### [LISTED RECORDS]
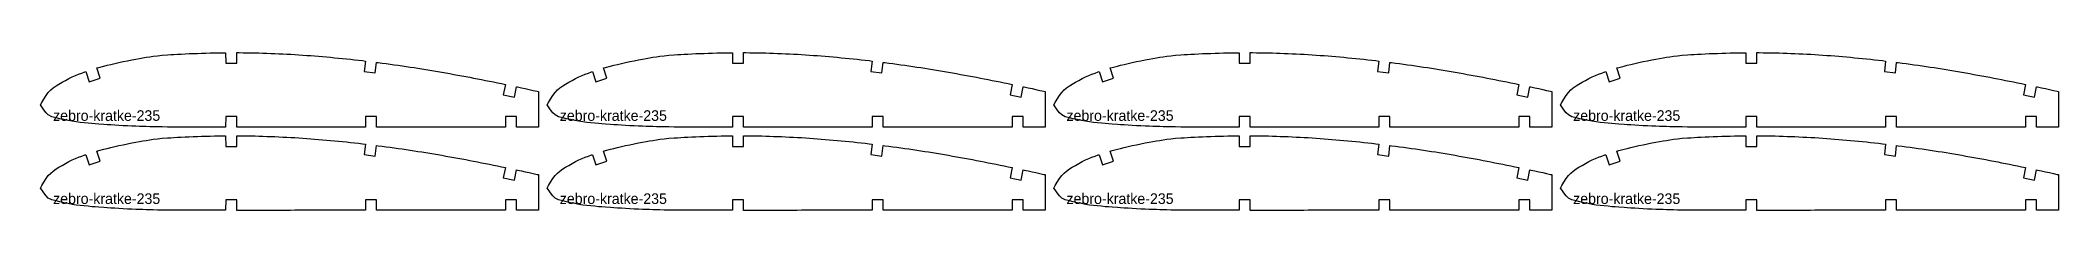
# Model space of a CAD drawing. Header units: metres. Extents: x 5 to 957, y 5 to 79.
import ezdxf

# ---------------------------------------------------------------- set-up
doc = ezdxf.new("R2010")
doc.units = ezdxf.units.M
doc.layers.add('CUT', color=7, linetype='CONTINUOUS')
doc.layers.add('POPIS', color=1, linetype='CONTINUOUS')

msp = doc.modelspace()

# ---------------------------------------------------------------- linework, layer by layer
at = {"layer": 'CUT'}
for points in [[(5, 54.61), (5.674, 55.724), (6.641, 57.338), (7.725, 59.05), (8.75, 60.46), (9.861, 61.671), (10.972, 62.582), (12.5, 63.61), (13.76, 64.404), (15.23, 65.279), (16.82, 66.177), (18.44, 67.039), (20, 67.81), (21.5, 68.476), (23, 69.076), (24.5, 69.628), (26, 70.15), (26.4, 70.286), (27.995, 65.547), (33.195, 67.261), (31.6, 72), (32.598, 72.292), (35, 72.91), (36.516, 73.276), (38.223, 73.678), (40.076, 74.105), (42.031, 74.543), (44.045, 74.979), (46.074, 75.401), (48.074, 75.795), (50, 76.15), (51.772, 76.469), (53.398, 76.768), (54.966, 77.047), (56.562, 77.309), (58.276, 77.552), (60.195, 77.78), (62.407, 77.992), (65, 78.19), (66.463, 78.285), (68.032, 78.379), (69.697, 78.472), (71.445, 78.561), (73.267, 78.648), (75.151, 78.731), (77.087, 78.81), (79.062, 78.884), (81.068, 78.951), (83.091, 79.013), (85.121, 79.067), (87.148, 79.114), (89.161, 79.152), (91.147, 79.181), (92.4, 79.194), (92.412, 74.194), (97.612, 74.206), (97.6, 79.206), (98.75, 79.201), (100.625, 79.185), (102.5, 79.161), (104.375, 79.129), (106.25, 79.089), (108.125, 79.043), (110, 78.989), (111.875, 78.927), (113.75, 78.859), (115.625, 78.784), (117.5, 78.702), (119.375, 78.614), (121.25, 78.519), (123.125, 78.417), (125, 78.31), (126.875, 78.195), (128.75, 78.073), (130.625, 77.943), (132.5, 77.807), (134.375, 77.663), (136.25, 77.512), (138.125, 77.354), (140, 77.19), (141.875, 77.02), (143.75, 76.844), (145.625, 76.662), (147.5, 76.474), (149.375, 76.281), (151.25, 76.082), (153.125, 75.878), (155, 75.67), (156.875, 75.456), (158.4, 75.276), (157.789, 70.314), (162.989, 69.673), (163.6, 74.636), (164.375, 74.537), (166.25, 74.293), (168.125, 74.043), (170, 73.787), (171.875, 73.526), (173.75, 73.26), (175.625, 72.989), (177.5, 72.712), (179.375, 72.431), (181.25, 72.145), (183.125, 71.855), (185, 71.56), (186.875, 71.259), (188.75, 70.953), (190.625, 70.641), (192.5, 70.324), (194.375, 70.001), (196.25, 69.673), (198.125, 69.34), (200, 69.002), (201.875, 68.66), (203.75, 68.314), (205.625, 67.964), (207.5, 67.61), (209.375, 67.252), (211.25, 66.891), (213.125, 66.527), (215, 66.16), (216.875, 65.789), (218.75, 65.414), (220.625, 65.035), (222.5, 64.652), (224.375, 64.265), (224.4, 64.26), (223.371, 59.367), (228.571, 58.273), (229.6, 63.166), (230, 63.081), (231.875, 62.679), (233.75, 62.273), (235.625, 61.864), (237.5, 61.452), (239.375, 61.036), (240, 60.896), (240, 44.11), (239, 44.11), (237, 44.11), (235, 44.11), (233, 44.11), (231, 44.11), (229.6, 44.11), (229.6, 49.11), (224.4, 49.11), (224.4, 44.11), (223, 44.11), (221, 44.11), (219, 44.11), (217, 44.11), (215, 44.11), (213, 44.11), (211, 44.11), (209, 44.11), (207, 44.11), (205, 44.11), (203, 44.11), (201, 44.11), (199, 44.11), (197, 44.11), (195, 44.11), (193, 44.11), (191, 44.11), (189, 44.11), (187, 44.11), (185, 44.11), (183, 44.11), (181, 44.11), (179, 44.11), (177, 44.11), (175, 44.11), (173, 44.11), (171, 44.11), (169, 44.11), (167, 44.11), (165, 44.11), (163.6, 44.11), (163.6, 49.11), (158.4, 49.11), (158.4, 44.11), (157, 44.11), (155, 44.11), (153, 44.11), (151, 44.11), (149, 44.11), (147, 44.11), (145, 44.11), (143, 44.11), (141, 44.11), (139, 44.11), (137, 44.11), (135, 44.11), (133, 44.11), (131, 44.11), (129, 44.11), (127, 44.11), (125, 44.11), (123, 44.11), (121, 44.109), (119, 44.108), (117, 44.107), (115, 44.106), (113, 44.105), (111, 44.105), (109, 44.104), (107, 44.103), (105, 44.103), (103, 44.103), (101, 44.104), (99, 44.105), (97.6, 44.107), (97.607, 49.107), (92.407, 49.113), (92.4, 44.113), (91.147, 44.115), (89.161, 44.117), (87.148, 44.12), (85.121, 44.122), (83.091, 44.125), (81.068, 44.128), (79.062, 44.132), (77.087, 44.137), (75.151, 44.142), (73.267, 44.149), (71.445, 44.156), (69.697, 44.165), (68.032, 44.175), (66.463, 44.187), (65, 44.2), (62.407, 44.229), (60.195, 44.26), (58.276, 44.295), (56.562, 44.335), (54.966, 44.38), (53.398, 44.432), (51.772, 44.491), (50, 44.56), (48.074, 44.641), (46.074, 44.735), (44.045, 44.838), (42.031, 44.948), (40.076, 45.059), (38.223, 45.169), (36.516, 45.274), (35, 45.37), (32.598, 45.534), (30.781, 45.679), (29.199, 45.827), (27.5, 46), (25.625, 46.189), (23.75, 46.388), (21.875, 46.618), (20, 46.9), (18.037, 47.26), (16.016, 47.68), (14.111, 48.115), (12.5, 48.52), (10.391, 49.017), (8.75, 49.9), (7.725, 50.954), (6.641, 52.341), (5.674, 53.685)], [(244, 54.61), (244.674, 55.724), (245.641, 57.338), (246.725, 59.05), (247.75, 60.46), (248.861, 61.671), (249.972, 62.582), (251.5, 63.61), (252.76, 64.404), (254.23, 65.279), (255.82, 66.177), (257.44, 67.039), (259, 67.81), (260.5, 68.476), (262, 69.076), (263.5, 69.628), (265, 70.15), (265.4, 70.286), (266.995, 65.547), (272.195, 67.261), (270.6, 72), (271.598, 72.292), (274, 72.91), (275.516, 73.276), (277.223, 73.678), (279.076, 74.105), (281.031, 74.543), (283.045, 74.979), (285.074, 75.401), (287.074, 75.795), (289, 76.15), (290.772, 76.469), (292.398, 76.768), (293.966, 77.047), (295.562, 77.309), (297.276, 77.552), (299.195, 77.78), (301.407, 77.992), (304, 78.19), (305.463, 78.285), (307.032, 78.379), (308.697, 78.472), (310.445, 78.561), (312.267, 78.648), (314.151, 78.731), (316.087, 78.81), (318.062, 78.884), (320.068, 78.951), (322.091, 79.013), (324.121, 79.067), (326.148, 79.114), (328.161, 79.152), (330.147, 79.181), (331.4, 79.194), (331.412, 74.194), (336.612, 74.206), (336.6, 79.206), (337.75, 79.201), (339.625, 79.185), (341.5, 79.161), (343.375, 79.129), (345.25, 79.089), (347.125, 79.043), (349, 78.989), (350.875, 78.927), (352.75, 78.859), (354.625, 78.784), (356.5, 78.702), (358.375, 78.614), (360.25, 78.519), (362.125, 78.417), (364, 78.31), (365.875, 78.195), (367.75, 78.073), (369.625, 77.943), (371.5, 77.807), (373.375, 77.663), (375.25, 77.512), (377.125, 77.354), (379, 77.19), (380.875, 77.02), (382.75, 76.844), (384.625, 76.662), (386.5, 76.474), (388.375, 76.281), (390.25, 76.082), (392.125, 75.878), (394, 75.67), (395.875, 75.456), (397.4, 75.276), (396.789, 70.314), (401.989, 69.673), (402.6, 74.636), (403.375, 74.537), (405.25, 74.293), (407.125, 74.043), (409, 73.787), (410.875, 73.526), (412.75, 73.26), (414.625, 72.989), (416.5, 72.712), (418.375, 72.431), (420.25, 72.145), (422.125, 71.855), (424, 71.56), (425.875, 71.259), (427.75, 70.953), (429.625, 70.641), (431.5, 70.324), (433.375, 70.001), (435.25, 69.673), (437.125, 69.34), (439, 69.002), (440.875, 68.66), (442.75, 68.314), (444.625, 67.964), (446.5, 67.61), (448.375, 67.252), (450.25, 66.891), (452.125, 66.527), (454, 66.16), (455.875, 65.789), (457.75, 65.414), (459.625, 65.035), (461.5, 64.652), (463.375, 64.265), (463.4, 64.26), (462.371, 59.367), (467.571, 58.273), (468.6, 63.166), (469, 63.081), (470.875, 62.679), (472.75, 62.273), (474.625, 61.864), (476.5, 61.452), (478.375, 61.036), (479, 60.896), (479, 44.11), (478, 44.11), (476, 44.11), (474, 44.11), (472, 44.11), (470, 44.11), (468.6, 44.11), (468.6, 49.11), (463.4, 49.11), (463.4, 44.11), (462, 44.11), (460, 44.11), (458, 44.11), (456, 44.11), (454, 44.11), (452, 44.11), (450, 44.11), (448, 44.11), (446, 44.11), (444, 44.11), (442, 44.11), (440, 44.11), (438, 44.11), (436, 44.11), (434, 44.11), (432, 44.11), (430, 44.11), (428, 44.11), (426, 44.11), (424, 44.11), (422, 44.11), (420, 44.11), (418, 44.11), (416, 44.11), (414, 44.11), (412, 44.11), (410, 44.11), (408, 44.11), (406, 44.11), (404, 44.11), (402.6, 44.11), (402.6, 49.11), (397.4, 49.11), (397.4, 44.11), (396, 44.11), (394, 44.11), (392, 44.11), (390, 44.11), (388, 44.11), (386, 44.11), (384, 44.11), (382, 44.11), (380, 44.11), (378, 44.11), (376, 44.11), (374, 44.11), (372, 44.11), (370, 44.11), (368, 44.11), (366, 44.11), (364, 44.11), (362, 44.11), (360, 44.109), (358, 44.108), (356, 44.107), (354, 44.106), (352, 44.105), (350, 44.105), (348, 44.104), (346, 44.103), (344, 44.103), (342, 44.103), (340, 44.104), (338, 44.105), (336.6, 44.107), (336.607, 49.107), (331.407, 49.113), (331.4, 44.113), (330.147, 44.115), (328.161, 44.117), (326.148, 44.12), (324.121, 44.122), (322.091, 44.125), (320.068, 44.128), (318.062, 44.132), (316.087, 44.137), (314.151, 44.142), (312.267, 44.149), (310.445, 44.156), (308.697, 44.165), (307.032, 44.175), (305.463, 44.187), (304, 44.2), (301.407, 44.229), (299.195, 44.26), (297.276, 44.295), (295.562, 44.335), (293.966, 44.38), (292.398, 44.432), (290.772, 44.491), (289, 44.56), (287.074, 44.641), (285.074, 44.735), (283.045, 44.838), (281.031, 44.948), (279.076, 45.059), (277.223, 45.169), (275.516, 45.274), (274, 45.37), (271.598, 45.534), (269.781, 45.679), (268.199, 45.827), (266.5, 46), (264.625, 46.189), (262.75, 46.388), (260.875, 46.618), (259, 46.9), (257.037, 47.26), (255.016, 47.68), (253.111, 48.115), (251.5, 48.52), (249.391, 49.017), (247.75, 49.9), (246.725, 50.954), (245.641, 52.341), (244.674, 53.685)], [(483, 54.61), (483.674, 55.724), (484.641, 57.338), (485.725, 59.05), (486.75, 60.46), (487.861, 61.671), (488.972, 62.582), (490.5, 63.61), (491.76, 64.404), (493.23, 65.279), (494.82, 66.177), (496.44, 67.039), (498, 67.81), (499.5, 68.476), (501, 69.076), (502.5, 69.628), (504, 70.15), (504.4, 70.286), (505.995, 65.547), (511.195, 67.261), (509.6, 72), (510.598, 72.292), (513, 72.91), (514.516, 73.276), (516.223, 73.678), (518.076, 74.105), (520.031, 74.543), (522.045, 74.979), (524.074, 75.401), (526.074, 75.795), (528, 76.15), (529.772, 76.469), (531.398, 76.768), (532.966, 77.047), (534.562, 77.309), (536.276, 77.552), (538.195, 77.78), (540.407, 77.992), (543, 78.19), (544.463, 78.285), (546.032, 78.379), (547.697, 78.472), (549.445, 78.561), (551.267, 78.648), (553.151, 78.731), (555.087, 78.81), (557.062, 78.884), (559.068, 78.951), (561.091, 79.013), (563.121, 79.067), (565.148, 79.114), (567.161, 79.152), (569.147, 79.181), (570.4, 79.194), (570.412, 74.194), (575.612, 74.206), (575.6, 79.206), (576.75, 79.201), (578.625, 79.185), (580.5, 79.161), (582.375, 79.129), (584.25, 79.089), (586.125, 79.043), (588, 78.989), (589.875, 78.927), (591.75, 78.859), (593.625, 78.784), (595.5, 78.702), (597.375, 78.614), (599.25, 78.519), (601.125, 78.417), (603, 78.31), (604.875, 78.195), (606.75, 78.073), (608.625, 77.943), (610.5, 77.807), (612.375, 77.663), (614.25, 77.512), (616.125, 77.354), (618, 77.19), (619.875, 77.02), (621.75, 76.844), (623.625, 76.662), (625.5, 76.474), (627.375, 76.281), (629.25, 76.082), (631.125, 75.878), (633, 75.67), (634.875, 75.456), (636.4, 75.276), (635.789, 70.314), (640.989, 69.673), (641.6, 74.636), (642.375, 74.537), (644.25, 74.293), (646.125, 74.043), (648, 73.787), (649.875, 73.526), (651.75, 73.26), (653.625, 72.989), (655.5, 72.712), (657.375, 72.431), (659.25, 72.145), (661.125, 71.855), (663, 71.56), (664.875, 71.259), (666.75, 70.953), (668.625, 70.641), (670.5, 70.324), (672.375, 70.001), (674.25, 69.673), (676.125, 69.34), (678, 69.002), (679.875, 68.66), (681.75, 68.314), (683.625, 67.964), (685.5, 67.61), (687.375, 67.252), (689.25, 66.891), (691.125, 66.527), (693, 66.16), (694.875, 65.789), (696.75, 65.414), (698.625, 65.035), (700.5, 64.652), (702.375, 64.265), (702.4, 64.26), (701.371, 59.367), (706.571, 58.273), (707.6, 63.166), (708, 63.081), (709.875, 62.679), (711.75, 62.273), (713.625, 61.864), (715.5, 61.452), (717.375, 61.036), (718, 60.896), (718, 44.11), (717, 44.11), (715, 44.11), (713, 44.11), (711, 44.11), (709, 44.11), (707.6, 44.11), (707.6, 49.11), (702.4, 49.11), (702.4, 44.11), (701, 44.11), (699, 44.11), (697, 44.11), (695, 44.11), (693, 44.11), (691, 44.11), (689, 44.11), (687, 44.11), (685, 44.11), (683, 44.11), (681, 44.11), (679, 44.11), (677, 44.11), (675, 44.11), (673, 44.11), (671, 44.11), (669, 44.11), (667, 44.11), (665, 44.11), (663, 44.11), (661, 44.11), (659, 44.11), (657, 44.11), (655, 44.11), (653, 44.11), (651, 44.11), (649, 44.11), (647, 44.11), (645, 44.11), (643, 44.11), (641.6, 44.11), (641.6, 49.11), (636.4, 49.11), (636.4, 44.11), (635, 44.11), (633, 44.11), (631, 44.11), (629, 44.11), (627, 44.11), (625, 44.11), (623, 44.11), (621, 44.11), (619, 44.11), (617, 44.11), (615, 44.11), (613, 44.11), (611, 44.11), (609, 44.11), (607, 44.11), (605, 44.11), (603, 44.11), (601, 44.11), (599, 44.109), (597, 44.108), (595, 44.107), (593, 44.106), (591, 44.105), (589, 44.105), (587, 44.104), (585, 44.103), (583, 44.103), (581, 44.103), (579, 44.104), (577, 44.105), (575.6, 44.107), (575.607, 49.107), (570.407, 49.113), (570.4, 44.113), (569.147, 44.115), (567.161, 44.117), (565.148, 44.12), (563.121, 44.122), (561.091, 44.125), (559.068, 44.128), (557.062, 44.132), (555.087, 44.137), (553.151, 44.142), (551.267, 44.149), (549.445, 44.156), (547.697, 44.165), (546.032, 44.175), (544.463, 44.187), (543, 44.2), (540.407, 44.229), (538.195, 44.26), (536.276, 44.295), (534.562, 44.335), (532.966, 44.38), (531.398, 44.432), (529.772, 44.491), (528, 44.56), (526.074, 44.641), (524.074, 44.735), (522.045, 44.838), (520.031, 44.948), (518.076, 45.059), (516.223, 45.169), (514.516, 45.274), (513, 45.37), (510.598, 45.534), (508.781, 45.679), (507.199, 45.827), (505.5, 46), (503.625, 46.189), (501.75, 46.388), (499.875, 46.618), (498, 46.9), (496.037, 47.26), (494.016, 47.68), (492.111, 48.115), (490.5, 48.52), (488.391, 49.017), (486.75, 49.9), (485.725, 50.954), (484.641, 52.341), (483.674, 53.685)], [(722, 54.61), (722.674, 55.724), (723.641, 57.338), (724.725, 59.05), (725.75, 60.46), (726.861, 61.671), (727.972, 62.582), (729.5, 63.61), (730.76, 64.404), (732.23, 65.279), (733.82, 66.177), (735.44, 67.039), (737, 67.81), (738.5, 68.476), (740, 69.076), (741.5, 69.628), (743, 70.15), (743.4, 70.286), (744.995, 65.547), (750.195, 67.261), (748.6, 72), (749.598, 72.292), (752, 72.91), (753.516, 73.276), (755.223, 73.678), (757.076, 74.105), (759.031, 74.543), (761.045, 74.979), (763.074, 75.401), (765.074, 75.795), (767, 76.15), (768.772, 76.469), (770.398, 76.768), (771.966, 77.047), (773.562, 77.309), (775.276, 77.552), (777.195, 77.78), (779.407, 77.992), (782, 78.19), (783.463, 78.285), (785.032, 78.379), (786.697, 78.472), (788.445, 78.561), (790.267, 78.648), (792.151, 78.731), (794.087, 78.81), (796.062, 78.884), (798.068, 78.951), (800.091, 79.013), (802.121, 79.067), (804.148, 79.114), (806.161, 79.152), (808.147, 79.181), (809.4, 79.194), (809.412, 74.194), (814.612, 74.206), (814.6, 79.206), (815.75, 79.201), (817.625, 79.185), (819.5, 79.161), (821.375, 79.129), (823.25, 79.089), (825.125, 79.043), (827, 78.989), (828.875, 78.927), (830.75, 78.859), (832.625, 78.784), (834.5, 78.702), (836.375, 78.614), (838.25, 78.519), (840.125, 78.417), (842, 78.31), (843.875, 78.195), (845.75, 78.073), (847.625, 77.943), (849.5, 77.807), (851.375, 77.663), (853.25, 77.512), (855.125, 77.354), (857, 77.19), (858.875, 77.02), (860.75, 76.844), (862.625, 76.662), (864.5, 76.474), (866.375, 76.281), (868.25, 76.082), (870.125, 75.878), (872, 75.67), (873.875, 75.456), (875.4, 75.276), (874.789, 70.314), (879.989, 69.673), (880.6, 74.636), (881.375, 74.537), (883.25, 74.293), (885.125, 74.043), (887, 73.787), (888.875, 73.526), (890.75, 73.26), (892.625, 72.989), (894.5, 72.712), (896.375, 72.431), (898.25, 72.145), (900.125, 71.855), (902, 71.56), (903.875, 71.259), (905.75, 70.953), (907.625, 70.641), (909.5, 70.324), (911.375, 70.001), (913.25, 69.673), (915.125, 69.34), (917, 69.002), (918.875, 68.66), (920.75, 68.314), (922.625, 67.964), (924.5, 67.61), (926.375, 67.252), (928.25, 66.891), (930.125, 66.527), (932, 66.16), (933.875, 65.789), (935.75, 65.414), (937.625, 65.035), (939.5, 64.652), (941.375, 64.265), (941.4, 64.26), (940.371, 59.367), (945.571, 58.273), (946.6, 63.166), (947, 63.081), (948.875, 62.679), (950.75, 62.273), (952.625, 61.864), (954.5, 61.452), (956.375, 61.036), (957, 60.896), (957, 44.11), (956, 44.11), (954, 44.11), (952, 44.11), (950, 44.11), (948, 44.11), (946.6, 44.11), (946.6, 49.11), (941.4, 49.11), (941.4, 44.11), (940, 44.11), (938, 44.11), (936, 44.11), (934, 44.11), (932, 44.11), (930, 44.11), (928, 44.11), (926, 44.11), (924, 44.11), (922, 44.11), (920, 44.11), (918, 44.11), (916, 44.11), (914, 44.11), (912, 44.11), (910, 44.11), (908, 44.11), (906, 44.11), (904, 44.11), (902, 44.11), (900, 44.11), (898, 44.11), (896, 44.11), (894, 44.11), (892, 44.11), (890, 44.11), (888, 44.11), (886, 44.11), (884, 44.11), (882, 44.11), (880.6, 44.11), (880.6, 49.11), (875.4, 49.11), (875.4, 44.11), (874, 44.11), (872, 44.11), (870, 44.11), (868, 44.11), (866, 44.11), (864, 44.11), (862, 44.11), (860, 44.11), (858, 44.11), (856, 44.11), (854, 44.11), (852, 44.11), (850, 44.11), (848, 44.11), (846, 44.11), (844, 44.11), (842, 44.11), (840, 44.11), (838, 44.109), (836, 44.108), (834, 44.107), (832, 44.106), (830, 44.105), (828, 44.105), (826, 44.104), (824, 44.103), (822, 44.103), (820, 44.103), (818, 44.104), (816, 44.105), (814.6, 44.107), (814.607, 49.107), (809.407, 49.113), (809.4, 44.113), (808.147, 44.115), (806.161, 44.117), (804.148, 44.12), (802.121, 44.122), (800.091, 44.125), (798.068, 44.128), (796.062, 44.132), (794.087, 44.137), (792.151, 44.142), (790.267, 44.149), (788.445, 44.156), (786.697, 44.165), (785.032, 44.175), (783.463, 44.187), (782, 44.2), (779.407, 44.229), (777.195, 44.26), (775.276, 44.295), (773.562, 44.335), (771.966, 44.38), (770.398, 44.432), (768.772, 44.491), (767, 44.56), (765.074, 44.641), (763.074, 44.735), (761.045, 44.838), (759.031, 44.948), (757.076, 45.059), (755.223, 45.169), (753.516, 45.274), (752, 45.37), (749.598, 45.534), (747.781, 45.679), (746.199, 45.827), (744.5, 46), (742.625, 46.189), (740.75, 46.388), (738.875, 46.618), (737, 46.9), (735.037, 47.26), (733.016, 47.68), (731.111, 48.115), (729.5, 48.52), (727.391, 49.017), (725.75, 49.9), (724.725, 50.954), (723.641, 52.341), (722.674, 53.685)], [(5, 15.507), (5.674, 16.621), (6.641, 18.235), (7.725, 19.947), (8.75, 21.357), (9.861, 22.568), (10.972, 23.479), (12.5, 24.507), (13.76, 25.301), (15.23, 26.176), (16.82, 27.073), (18.44, 27.936), (20, 28.707), (21.5, 29.373), (23, 29.973), (24.5, 30.525), (26, 31.047), (26.4, 31.183), (27.995, 26.444), (33.195, 28.158), (31.6, 32.897), (32.598, 33.189), (35, 33.807), (36.516, 34.172), (38.223, 34.575), (40.076, 35.002), (42.031, 35.44), (44.045, 35.876), (46.074, 36.298), (48.074, 36.692), (50, 37.047), (51.772, 37.366), (53.398, 37.665), (54.966, 37.944), (56.562, 38.205), (58.276, 38.449), (60.195, 38.677), (62.407, 38.889), (65, 39.087), (66.463, 39.182), (68.032, 39.276), (69.697, 39.368), (71.445, 39.458), (73.267, 39.545), (75.151, 39.628), (77.087, 39.707), (79.062, 39.78), (81.068, 39.848), (83.091, 39.91), (85.121, 39.964), (87.148, 40.011), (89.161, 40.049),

### [TASK DETAILS]
Look through the data and show every line containing "ezdxf".

### [SOLUTION FOR THIS PROBLEM]
import ezdxf
doc = ezdxf.new("R2010")
doc.units = ezdxf.units.M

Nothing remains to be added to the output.